* [Task statement]: What is needed is an exact copy of the lines from the start of the records below through the line with "point P0 (0, 0)", without the pictures.
--- START ---
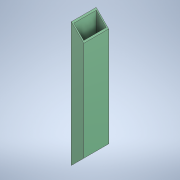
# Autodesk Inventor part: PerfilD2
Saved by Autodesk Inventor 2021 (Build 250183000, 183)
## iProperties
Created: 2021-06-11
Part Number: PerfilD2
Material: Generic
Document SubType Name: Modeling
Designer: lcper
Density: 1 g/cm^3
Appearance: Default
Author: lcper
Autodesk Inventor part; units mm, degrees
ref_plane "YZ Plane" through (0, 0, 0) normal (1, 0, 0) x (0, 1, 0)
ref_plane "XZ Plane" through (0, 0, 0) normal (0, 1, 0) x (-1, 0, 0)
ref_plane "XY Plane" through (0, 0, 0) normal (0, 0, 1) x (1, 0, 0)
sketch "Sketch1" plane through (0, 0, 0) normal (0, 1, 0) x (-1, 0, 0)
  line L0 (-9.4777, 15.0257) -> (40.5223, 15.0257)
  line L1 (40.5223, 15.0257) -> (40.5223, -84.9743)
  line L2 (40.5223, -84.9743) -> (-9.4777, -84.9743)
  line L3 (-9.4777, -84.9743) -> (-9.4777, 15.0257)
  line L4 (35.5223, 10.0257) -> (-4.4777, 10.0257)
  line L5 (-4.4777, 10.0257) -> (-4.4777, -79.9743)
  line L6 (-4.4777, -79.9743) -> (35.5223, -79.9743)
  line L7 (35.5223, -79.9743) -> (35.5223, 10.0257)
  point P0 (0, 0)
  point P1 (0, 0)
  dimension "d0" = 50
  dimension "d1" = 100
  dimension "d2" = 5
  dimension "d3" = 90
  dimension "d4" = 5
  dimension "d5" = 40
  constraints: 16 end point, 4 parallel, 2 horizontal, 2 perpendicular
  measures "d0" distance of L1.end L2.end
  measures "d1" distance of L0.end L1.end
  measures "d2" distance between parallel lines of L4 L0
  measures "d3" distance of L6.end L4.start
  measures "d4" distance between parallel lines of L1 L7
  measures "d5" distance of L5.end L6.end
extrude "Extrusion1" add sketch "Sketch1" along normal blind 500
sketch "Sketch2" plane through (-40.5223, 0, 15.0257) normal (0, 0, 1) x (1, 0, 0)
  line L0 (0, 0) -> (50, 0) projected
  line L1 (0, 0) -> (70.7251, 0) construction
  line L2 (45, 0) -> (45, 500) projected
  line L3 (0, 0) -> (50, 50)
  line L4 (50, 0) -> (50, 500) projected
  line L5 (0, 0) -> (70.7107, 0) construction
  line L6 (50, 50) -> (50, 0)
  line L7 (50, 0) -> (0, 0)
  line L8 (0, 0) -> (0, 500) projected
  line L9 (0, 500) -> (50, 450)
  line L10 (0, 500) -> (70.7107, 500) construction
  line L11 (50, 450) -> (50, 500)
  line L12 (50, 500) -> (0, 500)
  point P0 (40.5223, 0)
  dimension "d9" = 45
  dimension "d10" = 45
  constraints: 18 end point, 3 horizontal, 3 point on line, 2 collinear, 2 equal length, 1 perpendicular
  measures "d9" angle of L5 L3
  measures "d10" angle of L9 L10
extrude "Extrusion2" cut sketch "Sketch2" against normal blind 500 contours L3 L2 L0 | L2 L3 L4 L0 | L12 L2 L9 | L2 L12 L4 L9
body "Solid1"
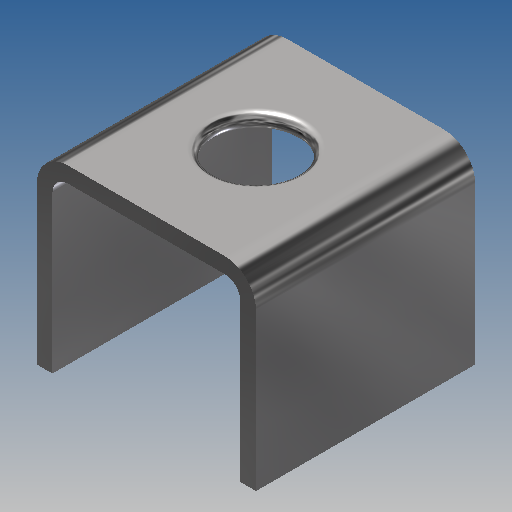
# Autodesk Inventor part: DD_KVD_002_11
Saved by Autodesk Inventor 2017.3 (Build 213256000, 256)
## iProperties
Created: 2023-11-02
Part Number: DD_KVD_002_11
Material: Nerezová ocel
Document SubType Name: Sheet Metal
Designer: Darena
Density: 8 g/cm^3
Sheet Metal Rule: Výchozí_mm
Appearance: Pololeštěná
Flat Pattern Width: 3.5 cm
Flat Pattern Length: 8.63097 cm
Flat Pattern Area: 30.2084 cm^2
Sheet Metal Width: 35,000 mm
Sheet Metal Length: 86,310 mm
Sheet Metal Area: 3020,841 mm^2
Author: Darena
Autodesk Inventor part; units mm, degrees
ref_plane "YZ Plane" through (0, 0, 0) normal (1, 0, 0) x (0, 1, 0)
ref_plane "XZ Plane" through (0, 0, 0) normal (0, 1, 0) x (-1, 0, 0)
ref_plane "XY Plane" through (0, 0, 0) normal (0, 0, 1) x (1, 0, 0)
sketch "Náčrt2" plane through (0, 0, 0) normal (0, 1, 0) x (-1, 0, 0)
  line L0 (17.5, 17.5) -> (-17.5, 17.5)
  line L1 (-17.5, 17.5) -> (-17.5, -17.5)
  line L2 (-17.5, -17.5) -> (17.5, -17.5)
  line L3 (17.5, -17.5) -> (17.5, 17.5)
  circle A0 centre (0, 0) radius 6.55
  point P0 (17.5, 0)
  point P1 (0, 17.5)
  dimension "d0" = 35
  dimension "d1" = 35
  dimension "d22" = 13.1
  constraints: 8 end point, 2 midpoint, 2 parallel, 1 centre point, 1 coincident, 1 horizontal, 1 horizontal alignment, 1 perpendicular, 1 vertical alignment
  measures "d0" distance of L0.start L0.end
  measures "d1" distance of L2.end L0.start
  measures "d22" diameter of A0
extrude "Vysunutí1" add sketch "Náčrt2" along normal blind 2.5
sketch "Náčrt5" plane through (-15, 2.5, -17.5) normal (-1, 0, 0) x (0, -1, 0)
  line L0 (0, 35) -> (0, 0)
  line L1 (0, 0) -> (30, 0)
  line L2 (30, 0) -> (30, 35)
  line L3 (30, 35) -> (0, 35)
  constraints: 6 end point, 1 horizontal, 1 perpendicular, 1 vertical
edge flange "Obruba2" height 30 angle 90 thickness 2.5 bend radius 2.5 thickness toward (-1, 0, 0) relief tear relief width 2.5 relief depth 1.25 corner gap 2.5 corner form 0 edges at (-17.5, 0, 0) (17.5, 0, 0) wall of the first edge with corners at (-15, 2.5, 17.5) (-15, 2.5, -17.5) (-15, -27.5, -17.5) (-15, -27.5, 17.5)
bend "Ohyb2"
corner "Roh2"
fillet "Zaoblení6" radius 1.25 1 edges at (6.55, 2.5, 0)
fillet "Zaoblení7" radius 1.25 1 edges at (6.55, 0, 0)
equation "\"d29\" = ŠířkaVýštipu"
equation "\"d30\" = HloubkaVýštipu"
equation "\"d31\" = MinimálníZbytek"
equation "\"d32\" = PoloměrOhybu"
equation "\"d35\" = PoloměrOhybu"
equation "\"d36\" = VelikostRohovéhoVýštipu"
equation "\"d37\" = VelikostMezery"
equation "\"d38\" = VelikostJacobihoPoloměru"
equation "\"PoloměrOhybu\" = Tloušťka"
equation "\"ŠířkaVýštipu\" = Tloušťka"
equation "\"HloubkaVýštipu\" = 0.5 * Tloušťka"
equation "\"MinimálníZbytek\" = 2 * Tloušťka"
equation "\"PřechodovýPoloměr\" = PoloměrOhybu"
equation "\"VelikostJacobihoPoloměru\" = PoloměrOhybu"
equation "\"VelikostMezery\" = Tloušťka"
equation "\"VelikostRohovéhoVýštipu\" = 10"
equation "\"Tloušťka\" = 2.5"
--- END ---
* [Solution below]:
# Autodesk Inventor part: PerfilD2
Saved by Autodesk Inventor 2021 (Build 250183000, 183)
## iProperties
Created: 2021-06-11
Part Number: PerfilD2
Material: Generic
Document SubType Name: Modeling
Designer: lcper
Density: 1 g/cm^3
Appearance: Default
Author: lcper
Autodesk Inventor part; units mm, degrees
ref_plane "YZ Plane" through (0, 0, 0) normal (1, 0, 0) x (0, 1, 0)
ref_plane "XZ Plane" through (0, 0, 0) normal (0, 1, 0) x (-1, 0, 0)
ref_plane "XY Plane" through (0, 0, 0) normal (0, 0, 1) x (1, 0, 0)
sketch "Sketch1" plane through (0, 0, 0) normal (0, 1, 0) x (-1, 0, 0)
  line L0 (-9.4777, 15.0257) -> (40.5223, 15.0257)
  line L1 (40.5223, 15.0257) -> (40.5223, -84.9743)
  line L2 (40.5223, -84.9743) -> (-9.4777, -84.9743)
  line L3 (-9.4777, -84.9743) -> (-9.4777, 15.0257)
  line L4 (35.5223, 10.0257) -> (-4.4777, 10.0257)
  line L5 (-4.4777, 10.0257) -> (-4.4777, -79.9743)
  line L6 (-4.4777, -79.9743) -> (35.5223, -79.9743)
  line L7 (35.5223, -79.9743) -> (35.5223, 10.0257)
  point P0 (0, 0)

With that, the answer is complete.